Assigned task> All lines with the word "start" in the material below are required.
***** Raw data
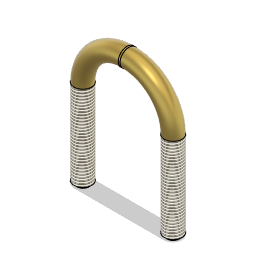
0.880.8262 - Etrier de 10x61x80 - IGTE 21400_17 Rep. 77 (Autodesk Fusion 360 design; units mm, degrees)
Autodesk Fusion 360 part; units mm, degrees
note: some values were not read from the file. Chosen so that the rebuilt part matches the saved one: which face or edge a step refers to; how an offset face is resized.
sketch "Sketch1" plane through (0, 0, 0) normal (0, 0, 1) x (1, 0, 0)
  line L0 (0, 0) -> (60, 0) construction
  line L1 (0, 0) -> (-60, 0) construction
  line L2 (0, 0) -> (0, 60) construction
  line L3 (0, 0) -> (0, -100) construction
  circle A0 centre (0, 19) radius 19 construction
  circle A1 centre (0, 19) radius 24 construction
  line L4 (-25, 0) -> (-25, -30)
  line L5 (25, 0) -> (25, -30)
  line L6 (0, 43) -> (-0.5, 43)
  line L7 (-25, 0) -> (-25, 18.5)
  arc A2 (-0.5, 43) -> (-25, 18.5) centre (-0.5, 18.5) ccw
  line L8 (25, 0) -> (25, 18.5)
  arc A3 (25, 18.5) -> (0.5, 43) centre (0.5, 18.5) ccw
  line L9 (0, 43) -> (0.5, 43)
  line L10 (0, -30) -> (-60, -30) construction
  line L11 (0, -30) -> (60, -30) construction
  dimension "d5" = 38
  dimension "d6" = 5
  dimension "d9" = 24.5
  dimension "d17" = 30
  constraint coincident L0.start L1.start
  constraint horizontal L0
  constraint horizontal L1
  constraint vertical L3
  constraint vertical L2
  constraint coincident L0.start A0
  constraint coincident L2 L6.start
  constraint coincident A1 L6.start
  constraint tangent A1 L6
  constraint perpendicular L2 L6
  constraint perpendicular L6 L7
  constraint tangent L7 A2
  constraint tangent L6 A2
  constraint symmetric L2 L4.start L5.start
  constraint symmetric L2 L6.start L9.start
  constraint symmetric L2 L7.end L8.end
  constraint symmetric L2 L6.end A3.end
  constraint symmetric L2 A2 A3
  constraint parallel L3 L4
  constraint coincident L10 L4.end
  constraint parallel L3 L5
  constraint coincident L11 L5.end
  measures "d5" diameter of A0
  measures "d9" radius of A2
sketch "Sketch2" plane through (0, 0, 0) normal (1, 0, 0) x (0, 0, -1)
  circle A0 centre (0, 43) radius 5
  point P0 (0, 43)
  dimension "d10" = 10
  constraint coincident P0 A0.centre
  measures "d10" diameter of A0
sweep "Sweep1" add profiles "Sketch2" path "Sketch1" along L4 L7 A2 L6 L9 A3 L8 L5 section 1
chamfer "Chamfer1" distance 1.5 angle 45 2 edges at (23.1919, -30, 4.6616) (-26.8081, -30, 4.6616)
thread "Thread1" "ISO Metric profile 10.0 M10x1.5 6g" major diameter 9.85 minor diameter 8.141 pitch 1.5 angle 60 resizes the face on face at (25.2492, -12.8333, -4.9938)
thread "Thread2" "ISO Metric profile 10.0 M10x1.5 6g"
**********
Answer for this exercise>
  constraint coincident L0.start L1.start
  constraint coincident L0.start A0
  constraint coincident L2 L6.start
  constraint coincident A1 L6.start
  constraint symmetric L2 L4.start L5.start
  constraint symmetric L2 L6.start L9.start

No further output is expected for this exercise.